Outside the admiral's cabin Hope paused and turned, bracing himself as if the ship were on the wind. 'Wait on the quarterdeck, Mr Drinkwater. You may be kicking your heels for some time. Be patient and muse on your profession. The admiral is a fast friend to those he knows, and particularly to men of merit. I have commended you most warmly, but I doubt not that he will want some confirmation of my opinion.'

'I understand, sir. And thank you.'

'Report to the officer of the watch then. Good luck. I shall send the gig back for you in due course.'

'Aye, aye, sir.'

Drinkwater touched his hat to Hope and turned for the companionway to the quarterdeck. The upper gun-deck which stretched forward from where he stood was a scene of utter chaos. The dutymen had crossed the deck from securing the larboard batteries and were running in the starboard guns to the extent of their breechings to induce an even greater list, upsetting the cosy nests that wives and families had established between the cannon. In consequence, there were squeals, shouts, oaths and every combination of noise that flustered women, exasperated men and miserable children could make.

As Drinkwater came up into the sunshine of the quarterdeck, he saw the officer of the watch and a warrant officer just in front of him.

'She's listed far enough, sir,' he heard the warrant officer say, presuming he must be the flagship's carpenter, 'and the water's just lapping the lower-deck gun-port sills.'

'Well get on with your work then, damn it,' the lieutenant responded tartly, 'and start the pumps.' He turned and caught sight of Drinkwater. 'Who the deuce are you?'

'Drinkwater, Acting Lieutenant of
Cyclops,
sir.

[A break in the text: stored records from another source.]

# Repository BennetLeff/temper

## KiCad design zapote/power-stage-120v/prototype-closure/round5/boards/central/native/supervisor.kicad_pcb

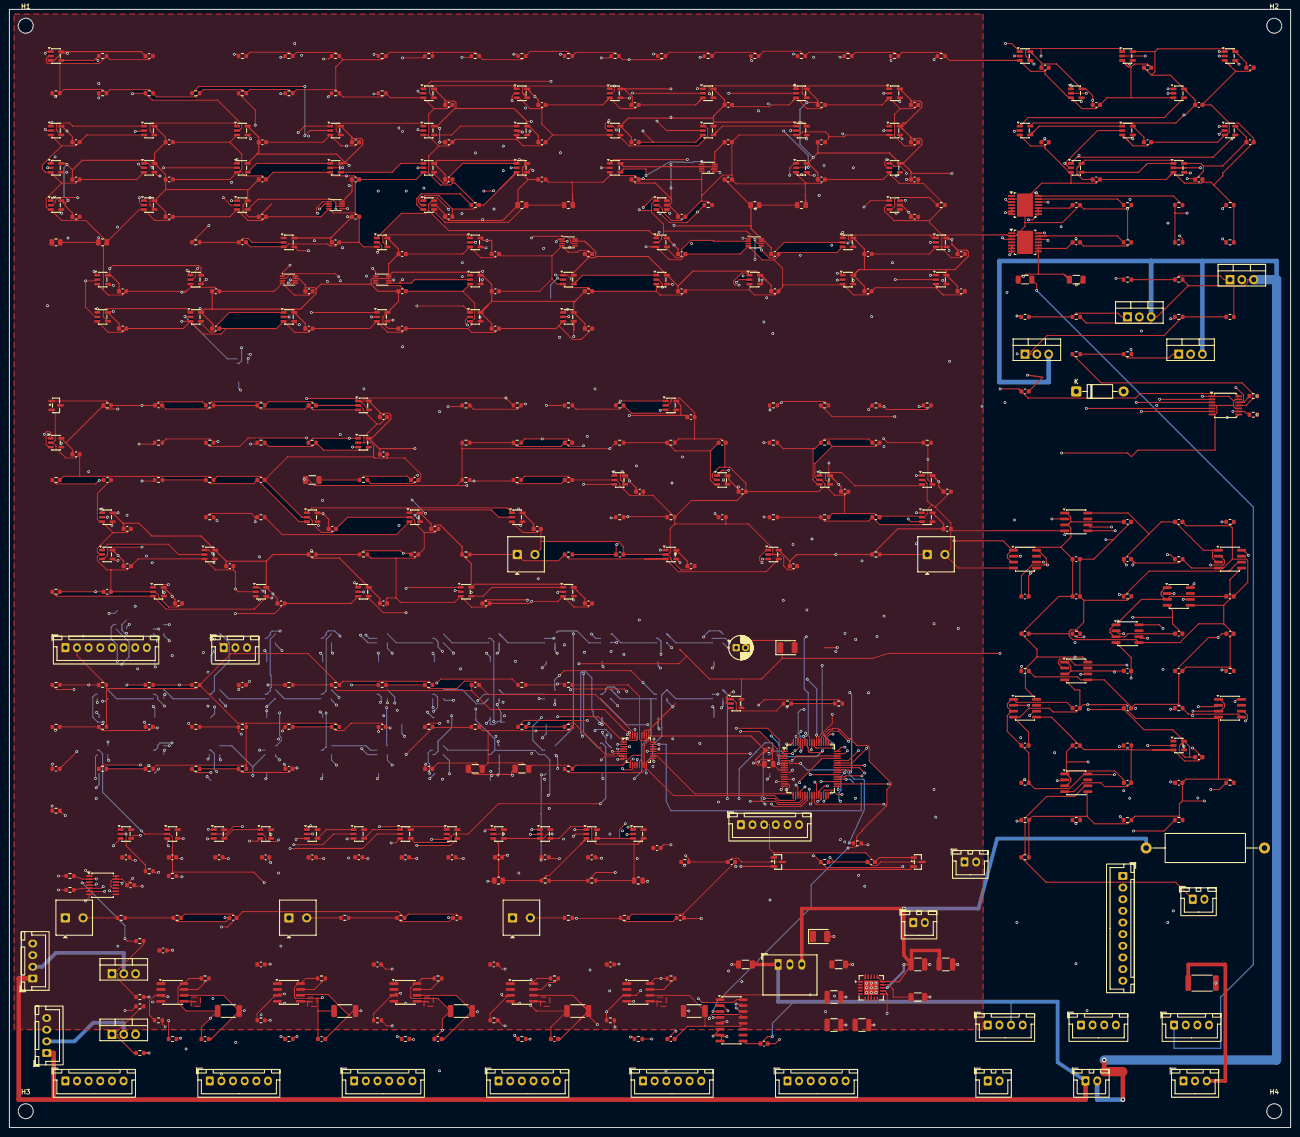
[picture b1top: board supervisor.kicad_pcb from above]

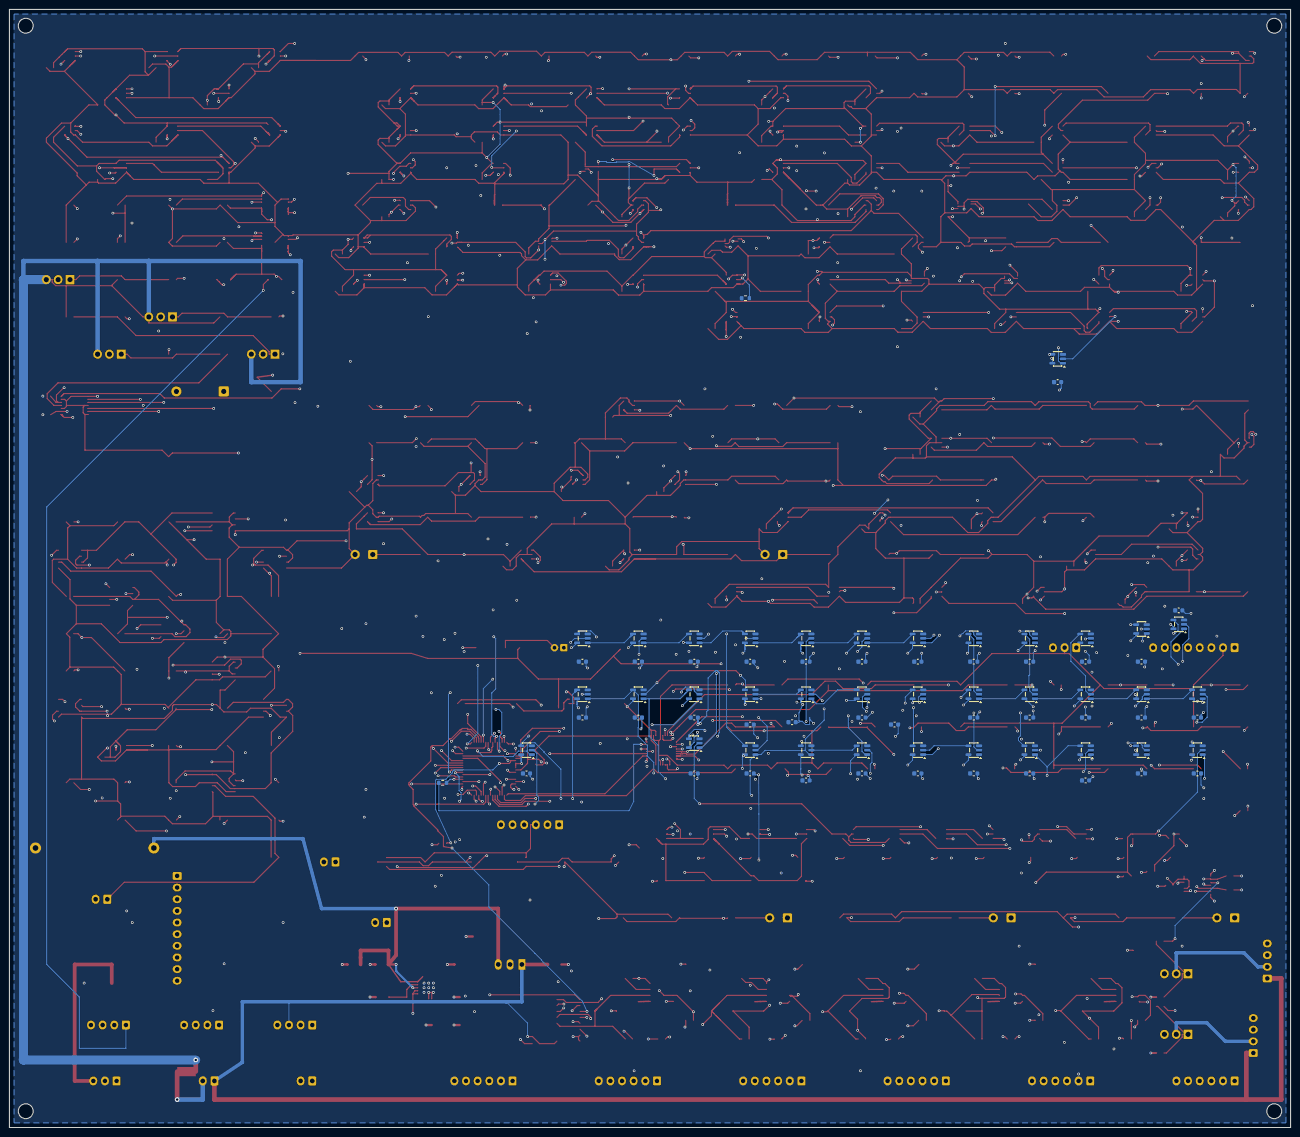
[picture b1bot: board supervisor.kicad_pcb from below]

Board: 4 copper layers, 275.0 x 240.0 mm, 600 parts (74 on the bottom side), 318 nets.

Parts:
C1: 22uF EEUFR1H220; CP_Radial_D5.0mm_P2.00mm
C2, C4: 22uF T491B226K016AT; CP_EIA-3528-21_Kemet-B
C3, C153: 1uF C1206C105K5RAC 50V; C_1206_3216Metric
C5, C17, C19, C20, C21, C22, C30, C31, C32, C33, C34, C35, C36, C37, C40, C41, C42, C45, C46, C48, C49, C50, C51, C52, C56, C57, C58, C59, C60, C61, C62, C63, C64, C65, C66, C67, C68, C69, C70, C71, C72, C73, C74, C75, C76, C77, C78, C79, C80, C81, C82, C83, C84, C85, C86, C87, C88, C90, C91, C92, C93, C94, C95, C96, C97, C98, C99, C100, C101, C102, C103, C104, C105, C106, C107, C108, C109, C110, C111, C112, C113, C114, C115, C116, C117, C118, C119, C120, C121, C122, C123, C124, C125, C126, C127, C128, C129, C130, C131, C132, C133, C134, C135, C136, C137, C138, C139, C140, C141, C142, C143, C144, C145, C146, C155, C157, C159, C161, C163, C165, C166, C167, C168, C169, C170, C171, C172, C173, C174, C175, C176, C177, C178, C179, C180, C181, C182, C183, C184, C185, C186, C187, C188, C189, C190, C191, C192, C193, C194, C195, C196, C197, C198, C199, C200, C201, C202, C203, C204, C205, C206, C207, C208, C209, C210, C211, C212, C213: 100nF C0603C104K5RACAUTO; C_0603_1608Metric
C6, C7, C8, C89: 10nF C0603C103K5RACAUTO; C_0603_1608Metric
C9, C10, C11, C12, C13, C14, C15, C16, C18, C23, C24, C25, C26, C27, C28, C29, C38, C39, C43, C44, C47: 1nF C0603C102J5GACTU; C_0603_1608Metric
C53: 220nF C0603C224K4RACAUTO; C_0603_1608Metric
C54, C55: 1uF 12063C105KAT2A; C_1206_3216Metric
C147: 4.7uF C2012X7R1E475K125AB; C_0805_2012Metric
C148, C149, C150, C151, C152: 22uF GRM32ER71E226KE15L 25V X7R; C_1210_3225Metric
C154, C156, C158, C160, C162: 1nF C0603C102J5GACTU 50V; C_0603_1608Metric
C164: 100nF C0603C104J5RACTU 50V; C_0603_1608Metric
D1, D2: BAV199,215; SOT-23
D3: 1N4007-E3/54; D_DO-41_SOD81_P10.16mm_Horizontal
H1, H2, H3, H4: MountingHole_3.2mm_M3
J1, J2, J3, J5, J6: 1725669 Phoenix MKDS1/2-3.81; TerminalBlock_Phoenix_MKDS-1-2-3.81_1x02_P3.81mm_Horizontal
J4, J11, J18, J19, J20, J21, J22: B6B-XH-A(LF)(SN); JST_XH_B6B-XH-A_1x06_P2.50mm_Vertical
J7, J13: B3B-XH-A(LF)(SN); JST_XH_B3B-XH-A_1x03_P2.50mm_Vertical
J8: B8B-XH-A(LF)(SN); JST_XH_B8B-XH-A_1x08_P2.50mm_Vertical
J9: B10B-XH-A(LF)(SN); JST_XH_B10B-XH-A_1x10_P2.50mm_Vertical
J10, J12, J17, J23, J24: B2B-XH-A(LF)(SN); JST_XH_B2B-XH-A_1x02_P2.50mm_Vertical
J14, J15, J16, J25, J26: B4B-XH-A(LF)(SN); JST_XH_B4B-XH-A_1x04_P2.50mm_Vertical
N1: PCB copper star 2mm; NetTie-2_SMD_Pad2.0mm
Q1, Q2, Q3, Q4, Q5, Q6: IRL540NPBF; TO-220-3_Vertical
R1: 82R 1% CRCW251282R0FKEG 1W; R_2512_6332Metric
R2, R5, R7, R9, R35, R36, R75, R77, R122, R124, R126, R128, R174, R176: 1kR CRCW06031K00FKEA; R_0603_1608Metric
R3, R6, R8, R10, R78, R79, R80, R81, R82, R83, R84, R85, R86, R87, R88, R89, R90, R91, R92, R93, R94, R95, R96, R97, R113, R115, R116, R118, R119, R136, R137, R138, R139, R140, R141, R142, R143, R144, R145, R146, R147, R148, R149, R150, R151, R168, R169, R178, R180, R181, R182, R183: 10kR CRCW060310K0FKEA; R_0603_1608Metric
R4, R66, R67: 20kR CRCW060320K0FKEA; R_0603_1608Metric
R11, R12, R13, R14, R15, R16, R17, R18, R19, R20, R21, R22, R23, R24, R25, R26, R27, R28, R29, R30, R31, R32, R33, R34, R38, R39, R41, R43, R45, R47, R49, R51, R69, R72, R74, R76, R171, R172: 10kR 0.1% TNPW060310K0BEEA; R_0603_1608Metric
R37: 330R CRCW0603330RFKEA; R_0603_1608Metric
R40, R42, R44, R46, R48, R50: 20kR 0.1% TNPW060320K0BEEA; R_0603_1608Metric
R52: 62.6kR 0.1% TNPW060362K6BEEA; R_0603_1608Metric
R53, R55, R57, R59, R61, R63, R65, R71, R73: 100kR 0.1% TNPW0603100KBEEA; R_0603_1608Metric
R54: 60.1kR 0.1% TNPW060360K1BEEA; R_0603_1608Metric
R56: 57.8kR 0.1% TNPW060357K8BEEA; R_0603_1608Metric
R58: 173kR 0.1% TNPW0603173KBEEA; R_0603_1608Metric
R60: 6.34kR 0.1% TNPW06036K34BEEA; R_0603_1608Metric
R62: 1.56MR 0.1% TNPW12061M56BEEA; R_1206_3216Metric
R64: 284kR 0.1% TNPW0603284KBEEA; R_0603_1608Metric
R68: 110kR 0.1% TNPW0603110KBEEA; R_0603_1608Metric
R70: 49.9kR 0.1% TNPW060349K9BEEA; R_0603_1608Metric
R98, R99, R100, R101, R102, R103: 47kR CRCW060347K0FKEA; R_0603_1608Metric
R104: 54.2kR 0.1% TNPW060354K2BEEA; R_0603_1608Metric
R105, R108, R111: 1MR 0.1% TNPW08051M00BEEA; R_0805_2012Metric
R106, R109: 681kR 0.1% TNPW0805681KBEEA; R_0805_2012Metric
R107: 81.1kR 0.1% TNPW060381K1BEEA; R_0603_1608Metric
R110: 191kR 0.1% TNPW0603191KBEEA; R_0603_1608Metric
R112: 523kR 0.1% TNPW0805523KBEEA; R_0805_2012Metric
R114, R117: 4.87kR 0.1% TNPW06034K87BEEA; R_0603_1608Metric
R120, R121: 0R CRCW12060000Z0EA; R_1206_3216Metric
R123, R125, R127, R129, R175, R177: 22kR CRCW060322K0FKEA; R_0603_1608Metric
R130, R132, R134, R155, R157, R159, R160, R163, R164, R167: 100kR CRCW0603100KFKEA; R_0603_1608Metric
R131, R133, R135, R161, R165: 562R CRCW0603562RFKEA; R_0603_1608Metric
R152: 33R CRCW060333R0FKEA; R_0603_1608Metric
R153: 300R 0.1% TNPW1206300RBEEA; R_1206_3216Metric
R154, R156, R158, R162, R166: 4.7kR CRCW20104K70FKEF 0.75W; R_2010_5025Metric
R170, R173: 620kR 0.1% TNPW0805620KBEEA; R_0805_2012Metric
R179: 39R 1% PR03000203909FAC00 3W; R_Axial_DIN0617_L17.0mm_D6.0mm_P25.40mm_Horizontal
U1: R-78B5.0-1.0; Converter_DCDC_RECOM_R-78HB-0.5_THT
U2: TPS3820-33DBVR; SOT-23-5
U3: TPS3825-50DBVR; SOT-23-5
U4: LM4040A25IDBZR; SOT-23
U5, U6, U7, U8: TLV9061IDBVR; SOT-23-5
U9, U10, U11, U12, U14, U15, U17, U18, U20, U21, U22, U23, U124, U125, U127, U128: TLV3201AIDBVR; SOT-23-5
U13, U16, U19, U24, U25, U26, U28, U29, U30, U31, U32, U33, U34, U35, U36, U37, U38, U39, U40, U41, U42, U46, U47, U48, U49, U50, U52, U53, U54, U56, U65, U67, U68, U69, U70, U72, U73, U74, U75, U76, U77, U78, U79, U80, U81, U84, U85, U86, U88, U89, U90, U91, U92, U93, U94, U118, U119, U120, U121, U122, U123, U126, U129, U133, U134, U135, U136, U137, U138, U139, U140, U141, U142, U143, U144, U146, U147, U149, U150, U151, U152, U155, U156, U158, U159, U161, U162, U163, U164: SN74LVC1G08DBVR; SOT-23-5
U27: ADS131M08IPBSR; TQFP-32_5x5mm_P0.5mm
U43, U55, U83, U106, U116, U117, U130, U131, U132, U145, U154, U157: SN74LVC1G04DBVR; SOT-23-5
U44, U45, U62, U63, U87, U148, U160: SN74LVC1G32DBVR; SOT-23-5
U51, U57, U64, U66, U71, U82: SN74LVC1G74DCUR; VSSOP-8_2.3x2mm_P0.5mm
U58, U59, U60: LTC6993HS6-1#TRMPBF; TSOT-23-6
U61: SN74LVC1G17DBVR; SOT-23-5
U95, U96: TPS1H100AQPWPRQ1; Texas_HTSSOP-14-1EP_4.4x5mm_P0.65mm_EP3.4x5mm_Mask3.155x3.2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
U97, U153: SN74AHCT125PWR; TSSOP-14_4.4x5mm_P0.65mm
U98, U99, U100, U101, U103, U104, U105, U107: ISO7710FDR; SOIC-8_3.9x4.9mm_P1.27mm
U102: ISO7710DR; SOIC-8_3.9x4.9mm_P1.27mm
U108: STM32G071RBT6; LQFP-64_10x10mm_P0.5mm
U109: TPS7A4700RGWR; Texas_RGW0020A_VQFN-20-1EP_5x5mm_P0.65mm_EP3.15x3.15mm
U110, U111, U112, U113, U114: ISO1211DR; SOIC-8_3.9x4.9mm_P1.27mm
U115: TPL7407LDR; SOIC-16_3.9x9.9mm_P1.27mm

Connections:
ADC_CAP: C53.1, U27.24
ADC_CLKIN: J7.3, R152.2, U27.23
ADC_CS_N: R79.1, U27.17, U108.21
ADC_DIN: U27.21, U108.24
ADC_DOUT: U27.20, U108.23
ADC_DRDY_N: U27.18, U108.17
ADC_MCO_SOURCE: R152.1, U108.36
ADC_RESET_N: R78.1, U27.16, U108.18
ADC_SCLK: U27.19, U108.22
ADMIT: R178.1, U57.1, U108.5, U154.2
ADMIT_LOW: U154.4, U156.2
ADMIT_VALID: U159.4, U160.2
ALL_BUDGET_OK: U46.4, U47.1
ATTEMPT: R113.1, U57.5, U58.1, U59.1, U65.2, U66.6, U68.2, U78.2, U80.2, U108.58, U146.1, U157.2, U160.1, U161.1, U163.1
ATTEMPT_CLEAR_N: U56.4, U57.6, U158.1
ATTEMPT_D: U57.2, U160.4
ATTEMPT_RC: C89.1, R113.2, U61.2
AUX_0V: C1.2, C2.2, C3.2, C4.2, C5.2, C6.2, C7.2, C8.2, C15.2, C16.2, C17.2, C18.2, C19.2, C20.2, C21.2, C22.2, C23.2, C24.2, C25.2, C26.2, C27.2, C28.2, C29.2, C30.2, C31.2, C32.2, C33.2, C34.2, C35.2, C36.2, C37.2, C38.2, C39.2, C40.2, C41.2, C42.2, C43.2, C44.2, C45.2, C46.2, C47.2, C48.2, C49.2, C50.2, C51.2, C52.2, C53.2, C54.2, C55.2, C56.2, C57.2, C58.2, C59.2, C60.2, C61.2, C62.2, C63.2, C64.2, C65.2, C66.2, C67.2, C68.2, C69.2, C70.2, C71.2, C72.2, C73.2, C74.2, C75.2, C76.2, C77.2, C78.2, C79.2, C80.2, C81.2, C82.2, C83.2, C84.2, C85.2, C86.2, C87.2, C88.2, C89.2, C90.2, C91.2, C92.2, C93.2, C94.2, C95.2, C96.2, C97.2, C98.2, C99.2, C100.2, C101.2, C102.2, C103.2, C104.2, C105.2, C106.2, C107.2, C108.2, C109.2, C110.2, C111.2, C112.2, C113.2, C114.2, C115.2, C116.2, C117.2, C118.2, C119.2, C120.2, C121.2, C122.2, C123.2, C124.2, C125.2, C126.2, C127.2, C129.2, C132.2, C134.2, C136.2, C138.2, C140.2, C142.2, C143.2, C144.2, C146.2, C147.2, C148.2, C149.2, C150.2, C151.2, C152.2, C153.2, C155.2, C157.2, C159.2, C161.2, C163.2, C164.2, C165.2, C166.2, C167.2, C168.2, C169.2, C170.2, C171.2, C172.2, C173.2, C174.2, C175.2, C176.2, C177.2, C178.2, C179.2, C180.2, C181.2, C182.2, C183.2, C184.2, C185.2, C186.2, C187.2, C188.2, C189.2, C190.2, C191.2, C192.2, C193.2, C194.2, C195.2, C196.2, C197.2, C198.2, C199.2, C200.2, C201.2, C202.2, C203.2, C204.2, C205.2, C206.2, C207.2, C208.2, C209.2, C210.2, C211.2, C212.2, C213.2, D1.1, D2.1, J4.2, J4.6, J5.2, J6.2, J7.2, J8.2, J11.3, J12.2, J13.2, J18.2, J18.6, J19.2, J19.6, J20.2, J20.6, J21.2, J21.6, J22.2, J22.6, N1.2, R1.2, R2.2, R4.2, R6.2, R8.2, R10.2, R12.2, R14.2, R16.2, R18.2, R20.2, R22.2, R24.2, R26.2, R28.2, R30.2, R32.2, R34.2, R39.2, R53.2, R55.2, R57.2, R59.2, R61.2, R63.2, R65.2, R69.2, R71.2, R73.2, R78.2, R80.2, R81.2, R82.2, R83.2, R84.2, R85.2, R86.2, R87.2, R88.2, R89.2, R90.2, R91.2, R92.2, R93.2, R94.2, R95.2, R96.2, R97.2, R98.2, R99.2, R100.2, R101.2, R102.2, R103.2, R104.2, R106.2, R107.2, R109.2, R110.2, R112.2, R114.2, R116.2, R117.2, R119.2, R130.2, R132.2, R134.2, R138.2, R139.2, R140.2, R141.2, R142.2, R143.2, R151.2, R153.2, R155.2, R157.2, R159.2, R160.2, R163.2, R164.2, R167.2, R168.2, R169.2, R173.2, R178.2, R179.2, R180.2, R181.2, R182.2, R183.2, U1.2, U2.2, U3.2, U4.2, U5.2, U6.2, U7.2, U8.2, U9.2, U10.2, U11.2, U12.2, U13.3, U14.2, U15.2, U16.3, U17.2, U18.2, U19.3, U20.2, U21.2, U22.2, U23.2, U24.3, U25.3, U26.3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
AUX_24V: C1.1, C3.1, C124.1, C125.1, C164.1, J12.1, J13.1, J14.3, J15.3, J16.3, J25.1, J25.3, J26.1, J26.3, R68.1, R120.1, R121.1, U1.1, U95.8, U95.9, U95.10, U96.8, U96.9, U96.10, U115.9
BASIC_HEALTHY: U42.4, U46.1, U108.63, U149.1
BUDGET_OR_PROOF: U44.4, U45.2, U161.2
BUS_DISCHARGED: U126.4, U133.1
BUS_LIMIT_OK: J8.3, R80.1, U9.1, U31.2
BUS_SAFE_HI: U124.1, U126.1
BUS_SAFE_LO: U125.1, U126.2
BUS_TRIP: C23.1, R52.2, R53.1, U9.3
BYPASS_PROVEN: U71.5, U88.2, U108.59
CAPS_BUS_DIAG_OK: U134.4, U135.1
CAPS_DISCHARGED: U135.4, U136.1
CAPS_WINDOWS_OK: U133.4, U134.1
CATCH_DISCHARGED: U129.4, U133.2
CATCH_LIMIT_OK: J8.4, R81.1, U10.1, U32.2
CATCH_SAFE_HI: U127.1, U129.1
CATCH_SAFE_LO: U128.1, U129.2
CATCH_TRIP: C24.1, R54.2, R55.1, U10.3
CMD_K1: R93.1, U73.2, U97.2, U108.25, U130.2
CMD_K2: R94.1, U75.2, U97.5, U108.26, U131.2
CMD_KB: R95.1, U76.1, U108.27, U132.2
CMD_KPA: R168.1, U108.40, U116.2, U151.2
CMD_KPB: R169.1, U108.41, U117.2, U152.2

I'm waiting on Admiral Kempenfelt.'

'Oh are you.' The lieutenant stared at the journals tucked under Drinkwater's arm and, seeming to sum up his situation, expelled his breath contemptuously. 'Well, keep out of the confounded way! I could do without a lot of snot-nosed infants hanging around my coat-tails this morning.'

'I shall of course keep out of your way, sir.' Drinkwater had no wish to further acquaint himself with the objectionable officer. He acknowledged the man had his own problems this morning and soon forgot him as he turned over in his own mind the answers to those questions he thought he might be asked. He presumed a small board of examination had been convened, for there were enough senior officers hereabouts to form a score of such boards, and the thought led him to wonder if he were not the only candidate. The lieutenant's comments seemed to indicate there might be others.

Drinkwater struggled uphill to the high starboard side and peered over in the vain hope of catching sight of the work that was causing all the trouble. The marine sentries on either quarter muttered an exchange and, as Drinkwater turned to cross the quarterdeck to the low side, a man wearing the plain blue coat of
Royal George's
master came up from below and looked briefly about him. His face wore an expression of extreme apprehension and he too was muttering. He caught sight of the officer of the watch.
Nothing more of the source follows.